Work item: A copy is needed of each line in the records that has the word "ezdxf".

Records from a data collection
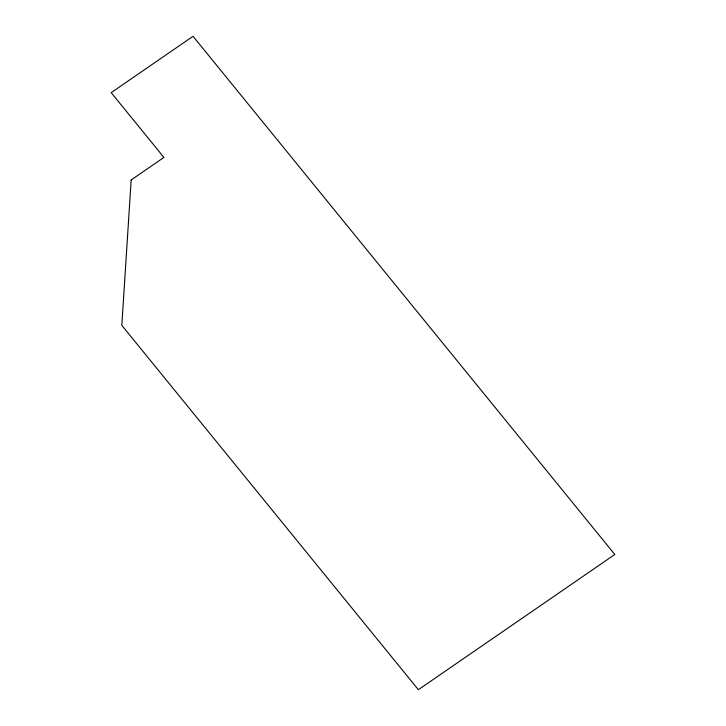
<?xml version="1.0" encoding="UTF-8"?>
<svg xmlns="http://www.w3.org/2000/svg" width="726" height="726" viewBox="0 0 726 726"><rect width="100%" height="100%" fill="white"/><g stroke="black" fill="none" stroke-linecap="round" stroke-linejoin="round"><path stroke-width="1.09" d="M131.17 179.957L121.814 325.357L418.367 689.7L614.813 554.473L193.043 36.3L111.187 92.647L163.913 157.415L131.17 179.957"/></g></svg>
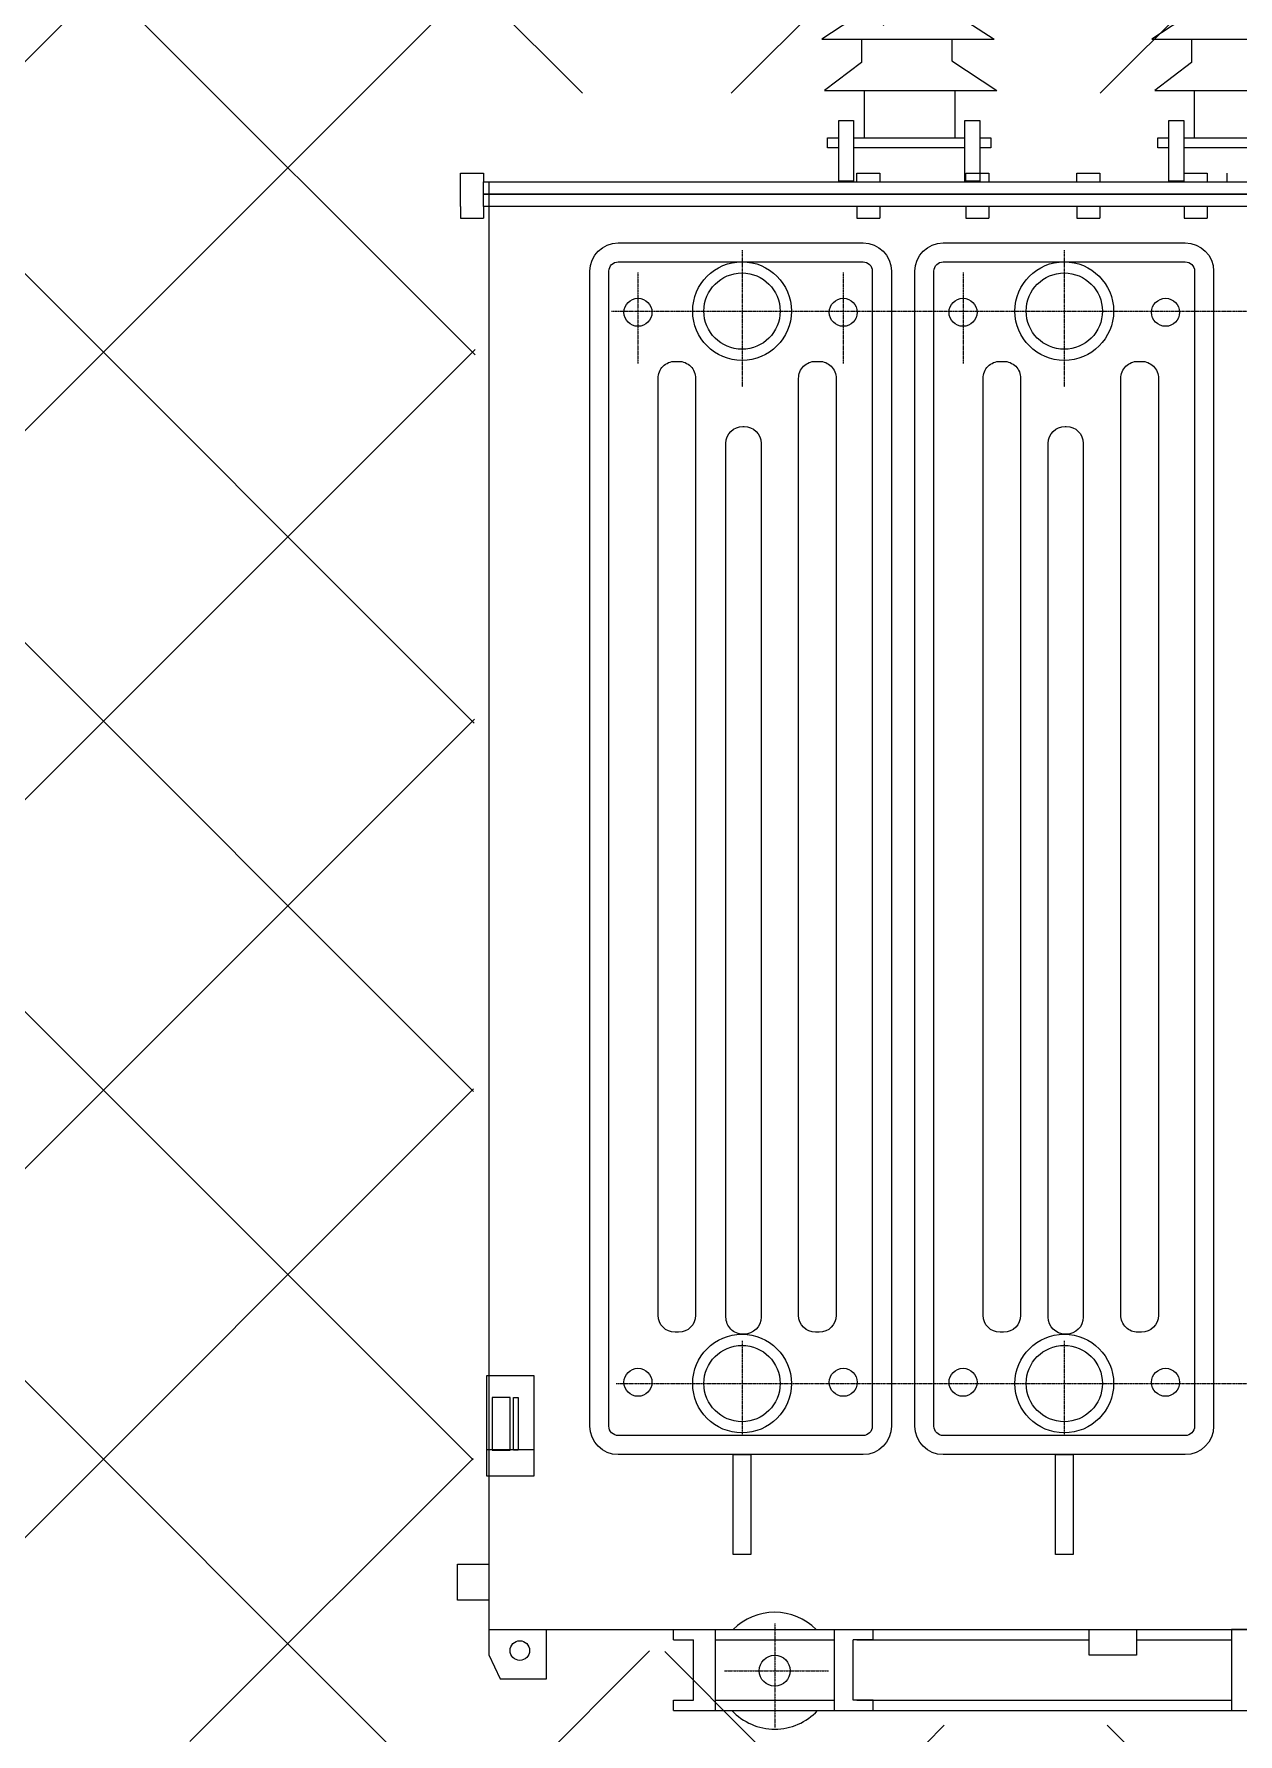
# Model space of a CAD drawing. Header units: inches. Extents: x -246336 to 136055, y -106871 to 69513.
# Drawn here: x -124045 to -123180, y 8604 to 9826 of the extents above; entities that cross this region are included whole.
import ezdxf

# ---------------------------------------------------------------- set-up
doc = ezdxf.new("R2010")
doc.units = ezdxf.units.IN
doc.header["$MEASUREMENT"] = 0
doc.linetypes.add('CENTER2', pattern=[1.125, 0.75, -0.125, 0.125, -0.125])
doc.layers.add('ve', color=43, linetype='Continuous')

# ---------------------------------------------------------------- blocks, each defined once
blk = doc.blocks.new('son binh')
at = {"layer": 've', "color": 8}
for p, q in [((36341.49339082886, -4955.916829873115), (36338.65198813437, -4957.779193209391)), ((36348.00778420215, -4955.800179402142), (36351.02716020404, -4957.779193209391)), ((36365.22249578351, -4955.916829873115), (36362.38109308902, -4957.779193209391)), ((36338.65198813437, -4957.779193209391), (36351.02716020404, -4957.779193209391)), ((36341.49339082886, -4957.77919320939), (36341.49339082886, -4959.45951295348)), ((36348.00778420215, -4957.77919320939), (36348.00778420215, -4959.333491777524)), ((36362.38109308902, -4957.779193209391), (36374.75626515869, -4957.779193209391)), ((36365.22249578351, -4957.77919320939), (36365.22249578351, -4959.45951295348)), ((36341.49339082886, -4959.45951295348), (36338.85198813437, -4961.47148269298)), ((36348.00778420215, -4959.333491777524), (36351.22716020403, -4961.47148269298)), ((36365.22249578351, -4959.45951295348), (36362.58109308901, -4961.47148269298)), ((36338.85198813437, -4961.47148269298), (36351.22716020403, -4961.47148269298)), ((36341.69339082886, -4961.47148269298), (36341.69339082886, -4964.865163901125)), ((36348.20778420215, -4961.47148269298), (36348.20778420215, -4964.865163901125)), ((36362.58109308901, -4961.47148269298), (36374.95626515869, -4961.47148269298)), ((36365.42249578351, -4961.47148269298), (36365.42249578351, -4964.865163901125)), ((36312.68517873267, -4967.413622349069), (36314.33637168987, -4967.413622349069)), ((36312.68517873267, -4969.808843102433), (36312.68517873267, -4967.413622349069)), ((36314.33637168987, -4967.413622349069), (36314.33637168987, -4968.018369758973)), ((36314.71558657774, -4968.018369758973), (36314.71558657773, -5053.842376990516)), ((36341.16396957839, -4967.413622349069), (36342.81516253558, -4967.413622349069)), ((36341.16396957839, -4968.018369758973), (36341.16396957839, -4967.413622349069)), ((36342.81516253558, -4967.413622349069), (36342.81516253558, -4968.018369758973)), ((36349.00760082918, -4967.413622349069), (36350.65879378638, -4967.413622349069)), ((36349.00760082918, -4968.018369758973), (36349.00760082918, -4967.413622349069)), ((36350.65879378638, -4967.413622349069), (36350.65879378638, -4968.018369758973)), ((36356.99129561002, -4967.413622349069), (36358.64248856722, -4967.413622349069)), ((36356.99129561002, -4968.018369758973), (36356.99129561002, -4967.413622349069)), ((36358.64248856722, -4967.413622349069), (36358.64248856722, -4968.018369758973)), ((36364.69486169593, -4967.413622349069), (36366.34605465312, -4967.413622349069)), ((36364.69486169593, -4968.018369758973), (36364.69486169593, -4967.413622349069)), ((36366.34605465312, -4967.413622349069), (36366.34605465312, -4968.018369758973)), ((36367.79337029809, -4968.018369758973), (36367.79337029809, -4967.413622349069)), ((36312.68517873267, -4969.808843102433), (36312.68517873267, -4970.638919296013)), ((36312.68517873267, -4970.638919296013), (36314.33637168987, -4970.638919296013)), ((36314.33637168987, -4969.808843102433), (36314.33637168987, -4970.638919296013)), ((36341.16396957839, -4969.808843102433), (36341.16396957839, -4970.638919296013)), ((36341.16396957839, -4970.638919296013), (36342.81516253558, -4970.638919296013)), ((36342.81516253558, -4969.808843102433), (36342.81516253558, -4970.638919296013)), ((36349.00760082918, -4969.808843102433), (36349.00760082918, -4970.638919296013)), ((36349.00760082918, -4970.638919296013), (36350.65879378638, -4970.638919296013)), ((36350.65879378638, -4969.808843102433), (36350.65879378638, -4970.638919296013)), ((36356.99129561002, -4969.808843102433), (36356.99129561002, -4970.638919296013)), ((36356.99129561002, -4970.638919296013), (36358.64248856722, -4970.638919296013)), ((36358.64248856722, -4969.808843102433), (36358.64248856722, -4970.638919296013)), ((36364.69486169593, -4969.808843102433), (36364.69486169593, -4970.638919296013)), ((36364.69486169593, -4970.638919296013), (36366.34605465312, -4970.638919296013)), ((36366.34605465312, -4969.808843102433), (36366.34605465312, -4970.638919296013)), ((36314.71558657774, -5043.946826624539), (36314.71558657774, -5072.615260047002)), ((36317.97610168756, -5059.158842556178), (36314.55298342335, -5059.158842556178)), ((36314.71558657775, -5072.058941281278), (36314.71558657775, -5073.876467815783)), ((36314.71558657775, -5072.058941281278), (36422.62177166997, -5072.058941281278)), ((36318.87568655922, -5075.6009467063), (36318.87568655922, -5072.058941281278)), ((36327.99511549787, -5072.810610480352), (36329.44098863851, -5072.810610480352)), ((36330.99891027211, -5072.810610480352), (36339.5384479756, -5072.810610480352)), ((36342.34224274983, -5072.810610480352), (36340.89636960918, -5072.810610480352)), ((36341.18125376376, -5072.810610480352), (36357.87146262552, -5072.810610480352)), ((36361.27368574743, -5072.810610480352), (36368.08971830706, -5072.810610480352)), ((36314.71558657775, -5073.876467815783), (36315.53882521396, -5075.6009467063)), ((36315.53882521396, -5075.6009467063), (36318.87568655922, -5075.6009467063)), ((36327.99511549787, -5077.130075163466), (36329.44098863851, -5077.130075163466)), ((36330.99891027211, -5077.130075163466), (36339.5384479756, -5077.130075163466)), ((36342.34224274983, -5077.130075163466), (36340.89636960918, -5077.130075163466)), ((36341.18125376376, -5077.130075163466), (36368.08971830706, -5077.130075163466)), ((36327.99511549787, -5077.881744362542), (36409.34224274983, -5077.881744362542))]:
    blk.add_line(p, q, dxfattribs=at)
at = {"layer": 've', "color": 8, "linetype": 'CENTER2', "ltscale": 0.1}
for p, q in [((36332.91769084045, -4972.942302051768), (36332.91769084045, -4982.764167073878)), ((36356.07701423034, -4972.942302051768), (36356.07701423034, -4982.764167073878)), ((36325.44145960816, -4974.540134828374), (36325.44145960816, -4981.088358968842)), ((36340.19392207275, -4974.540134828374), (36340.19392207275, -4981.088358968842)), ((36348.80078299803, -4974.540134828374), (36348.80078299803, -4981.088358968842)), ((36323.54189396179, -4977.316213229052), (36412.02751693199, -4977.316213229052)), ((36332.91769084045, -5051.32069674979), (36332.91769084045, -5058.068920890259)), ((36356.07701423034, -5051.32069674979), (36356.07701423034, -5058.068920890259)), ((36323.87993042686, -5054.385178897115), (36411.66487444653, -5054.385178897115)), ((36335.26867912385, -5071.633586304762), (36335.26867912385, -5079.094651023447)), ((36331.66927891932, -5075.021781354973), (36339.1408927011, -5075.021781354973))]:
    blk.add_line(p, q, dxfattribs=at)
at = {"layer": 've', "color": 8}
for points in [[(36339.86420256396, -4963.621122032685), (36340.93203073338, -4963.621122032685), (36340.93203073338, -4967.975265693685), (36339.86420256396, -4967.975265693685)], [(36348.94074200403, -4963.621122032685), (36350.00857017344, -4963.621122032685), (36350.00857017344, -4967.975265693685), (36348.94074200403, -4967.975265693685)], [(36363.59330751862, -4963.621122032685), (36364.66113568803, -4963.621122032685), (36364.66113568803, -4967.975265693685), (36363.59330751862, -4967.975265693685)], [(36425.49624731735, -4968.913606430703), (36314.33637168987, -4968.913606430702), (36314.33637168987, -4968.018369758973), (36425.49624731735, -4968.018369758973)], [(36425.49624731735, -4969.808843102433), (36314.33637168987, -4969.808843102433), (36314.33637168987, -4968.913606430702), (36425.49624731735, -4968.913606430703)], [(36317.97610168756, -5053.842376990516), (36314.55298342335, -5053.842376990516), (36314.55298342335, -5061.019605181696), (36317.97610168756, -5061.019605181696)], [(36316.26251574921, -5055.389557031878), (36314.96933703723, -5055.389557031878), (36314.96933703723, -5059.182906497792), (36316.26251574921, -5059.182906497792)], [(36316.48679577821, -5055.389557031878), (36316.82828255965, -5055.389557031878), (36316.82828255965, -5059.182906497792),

Written reply:
import ezdxf
doc = ezdxf.new("R2010")
doc.units = ezdxf.units.IN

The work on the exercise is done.